Por falta de tradiciones que hicieran posible la creación de una Caballería nacional, Roma tendría que confiar en sus vasallos y en sus aliados. Quieto se llenó de
gloria en Transilvania, donde sus Escuadrones envolvieron y exterminaron a los dacios
y Trajano, en el año 113, los envió contra los partos. Lucio guerreó en Armenia y la
Mesopotamia y sus victorias le valieron la dignidad de praetor. La sublevación parta le
reclamó en Asia. La Caballería de Quieto -entonces- reconquistó Edessa, aniquilando a
los judíos subversivos que financiaban al enemigo. Finalmente, se nombró a Quieto
Gobernador de Palestina, con el título de Legatus Propraetor, donde vivió como Virrey, a pesar de los odios que suscitaba su ascención.
Cuando Adriano sucedió a Trajano, Quieto fue destituido y licenciadas sus tropas. El emperador temía una revuelta de su aguerrido jinete.
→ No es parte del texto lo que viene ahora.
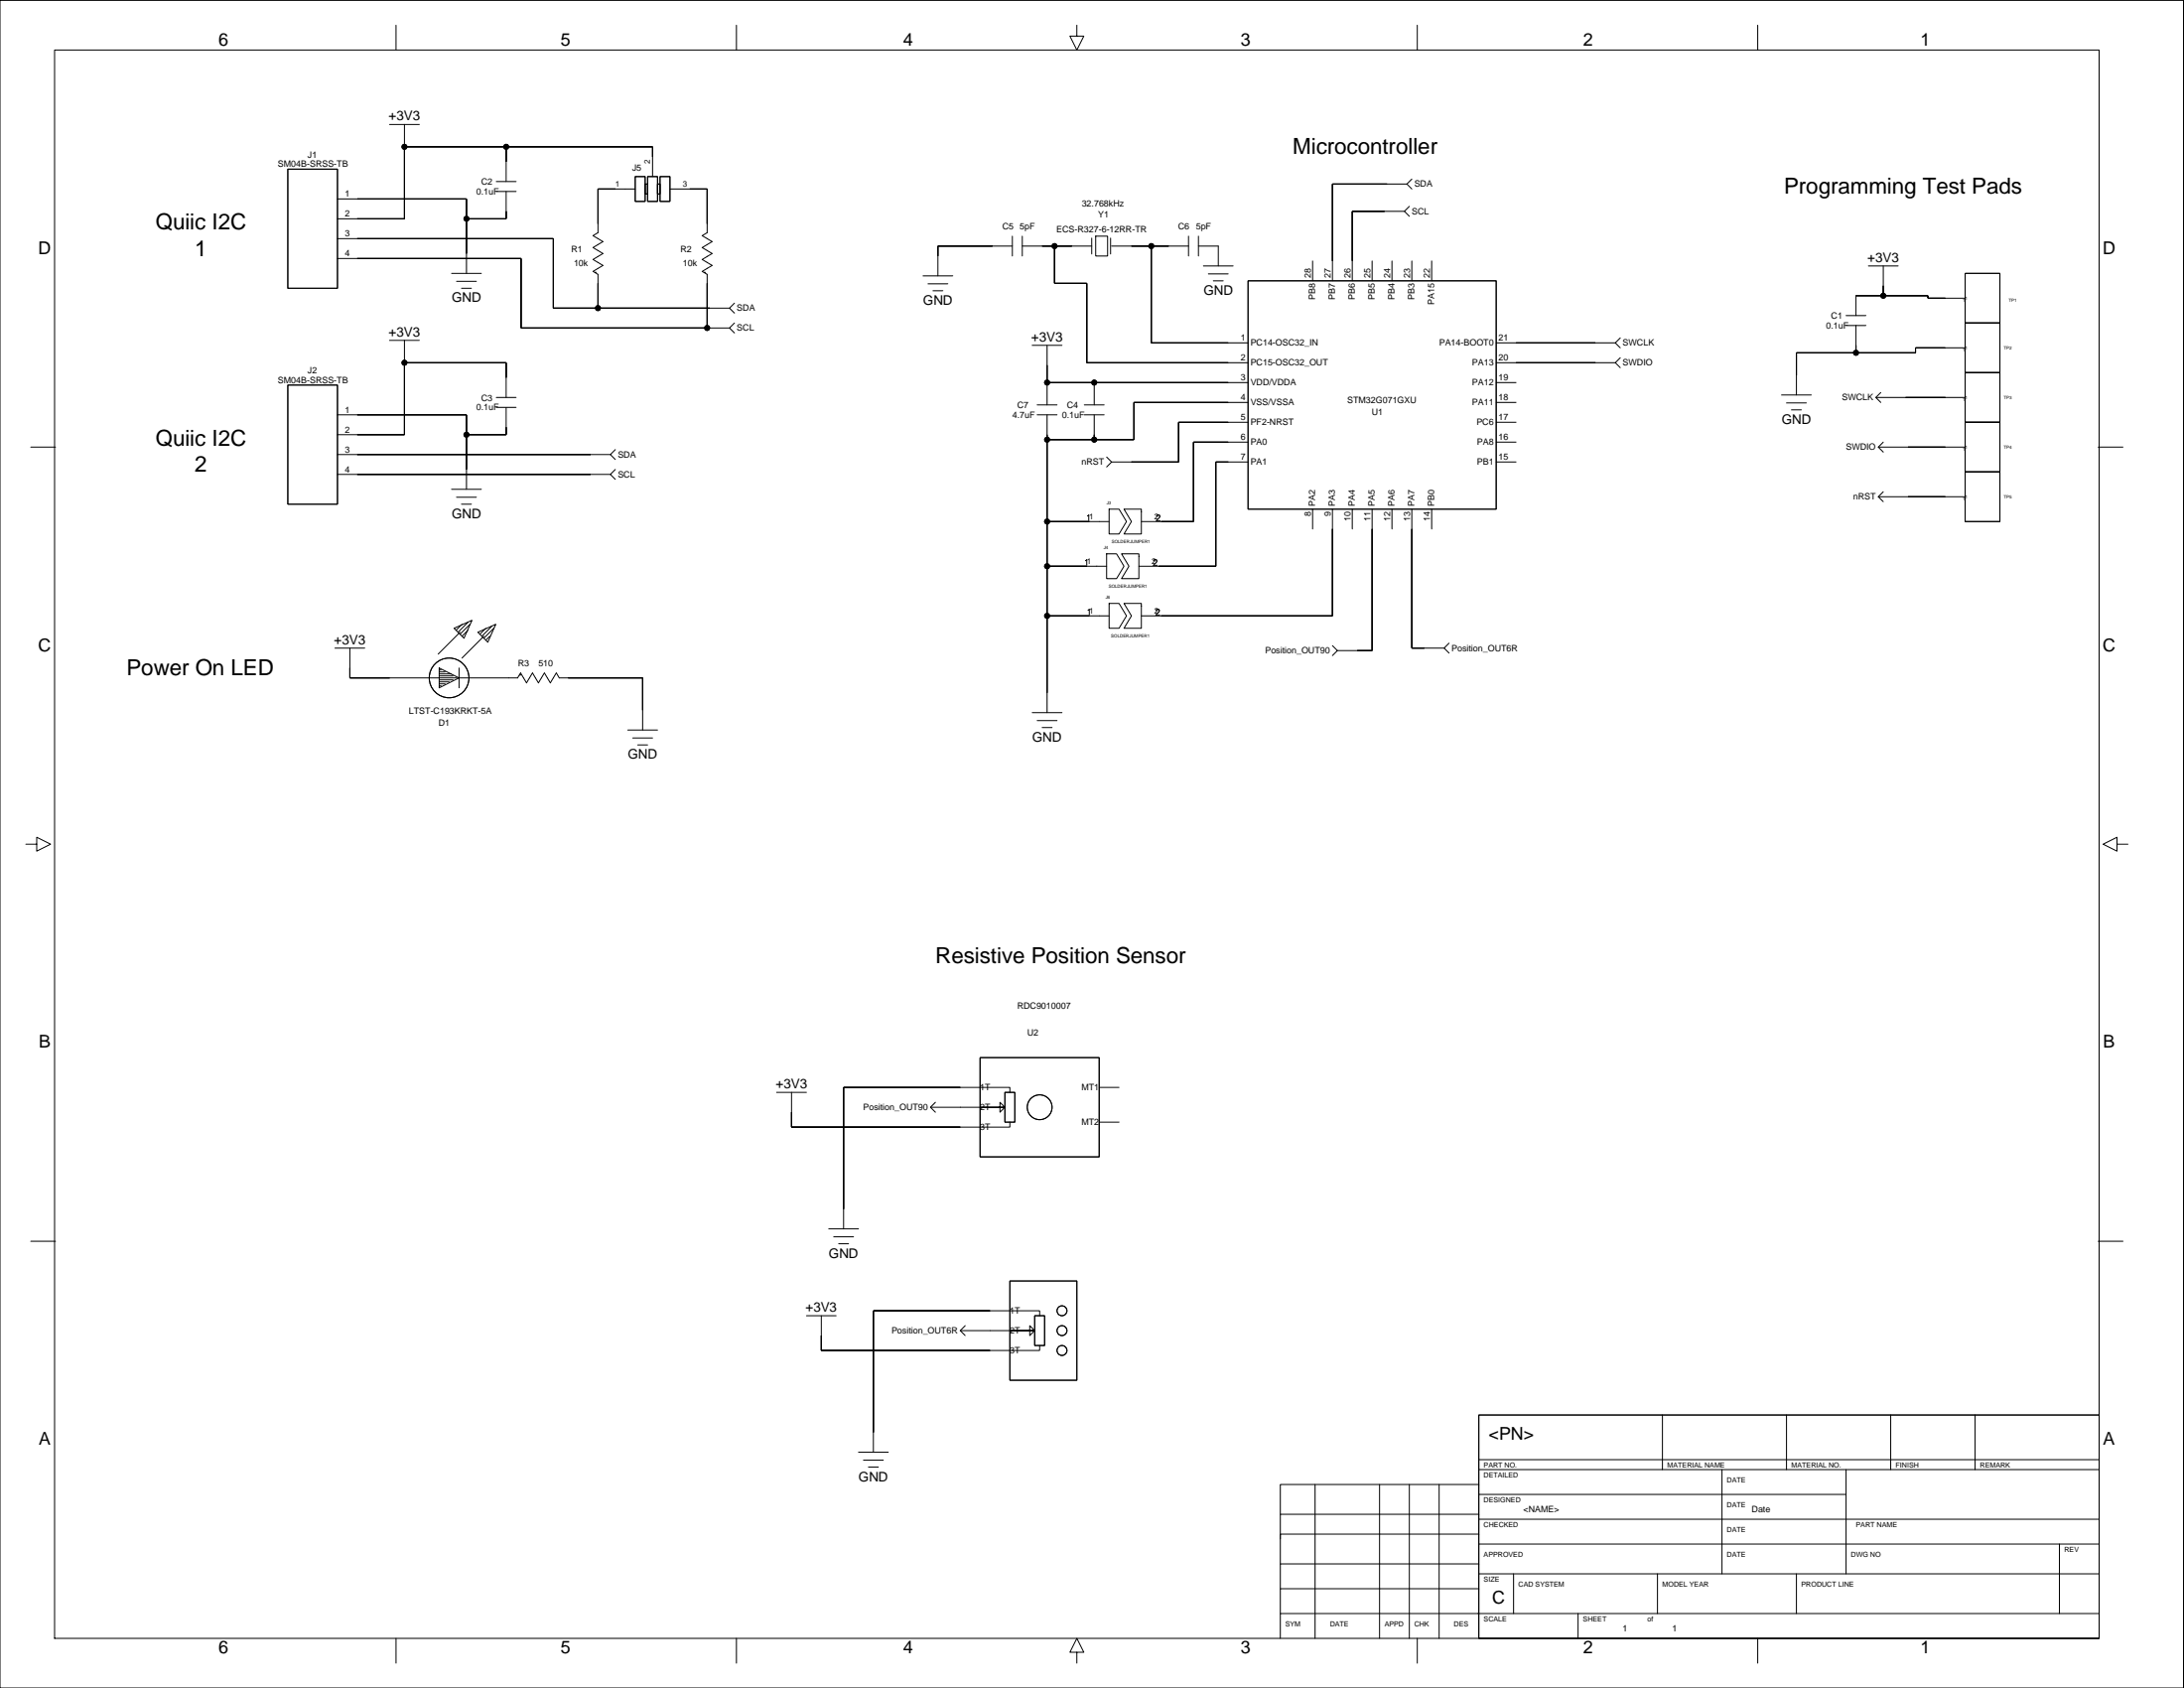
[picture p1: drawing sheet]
<svg xmlns="http://www.w3.org/2000/svg" width="559mm" height="432mm" viewBox="0 0 559 432" stroke-linecap="round" stroke-linejoin="round" font-family="sans-serif">
<g fill="none" stroke="#000" stroke-width=".25">
<path d="M0 .1h558.7v431.7h-558.7zM14 12.8h523.1v406.3h-523.1zM101.3 6.4v6.4M188.4 6.4v6.4M275.5 6.4v2.8h1.8l-1.8 3.6-1.8-3.6h1.8M362.6 6.4v6.4M449.7 6.4v6.4M99.7 31.8h7.6M103.5 31.8v24.2h-17.2M103.5 37.6h63.5v7.6M129.5 37.6v8.8M73.6 43.3h12.7v30.4h-12.7z"/>
<path d="M86.3 50.9h33.1v19M127 49h5.1M127 46.4h5.1M129.5 49v7h-10.1M162.5 45.2h2.6v6.3h-2.6zM162.5 48.3h-9.5v11.2l-1.3 .8 2.6 1.5-2.6 1.5 2.6 1.6-2.6 1.5 2.6 1.5-2.6 1.5 1.3 .8v8.6M165.1 47.1h.6v2.5h-.6zM165.7 45.2h2.5v6.3h-2.5zM168.2 47.1h.7v2.5h-.7zM168.9 45.2h2.5v6.3h-2.5zM171.4 48.3h9.5v11.2l-1.2 .8 2.5 1.5-2.5 1.5 2.5 1.6-2.5 1.5 2.5 1.5-2.5 1.5 1.2 .8v13.7M359.3 54.1h-13.3v17.7"/>
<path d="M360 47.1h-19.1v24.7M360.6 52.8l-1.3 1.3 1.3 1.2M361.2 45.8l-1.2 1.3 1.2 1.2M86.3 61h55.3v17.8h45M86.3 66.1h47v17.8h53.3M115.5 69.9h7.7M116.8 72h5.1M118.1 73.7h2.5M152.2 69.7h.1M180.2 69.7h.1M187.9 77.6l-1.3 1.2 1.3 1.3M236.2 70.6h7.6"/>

Se habló, entre los que rodeaban a Adriano, de complot, de proyectos de asesinato urdidos por Lucio Quieto y
otros Generales de la excelente Caballería de Oriente, que fueron arrestados y ejecutados tras un juicio sumario.
Adriano —quien confundió la potencia que le proporcionaba el Arma, con el
poder político— estaba dando, tal vez, una palada más en el hoyo donde la Roma imperial sería sepultada... al desconocer que una Caballería bien empleada podría lograr la
romanización definitiva de Occidente.
Este drama proyectó una nueva luz sobre el peligro creciente del prestigio militar y las dificultades de integración de los jefes bárbaros en la sociedad romana, en la
que penetrarían, desde luego, cada vez más hasta el extremo de llegar a constituir el
elemento dominante del ejército.
En la cuenca del Rihne, los efectivos fueron invadidos por los galos y los germanos; en Oriente, por los sirios, los gálatas y los egipcios. Los italianos se irían haciendo cada vez más raros, al extremo que Vespasiano los excluyó del reclutamiento
legionario a causa de su insubordinación. Y Trajano prefería a los germanos y a los
bárbaros para su guardia personal.
Si bien en la primitiva Roma su ejército dependía en gran parte de los magníficos soldados de sus legiones, en la Roma postrera se desconfiaba de sus foráneos integrantes, que sí conocían muy bien el concepto de empleo de este medio inmejorable en
todo tiempo y en todo lugar.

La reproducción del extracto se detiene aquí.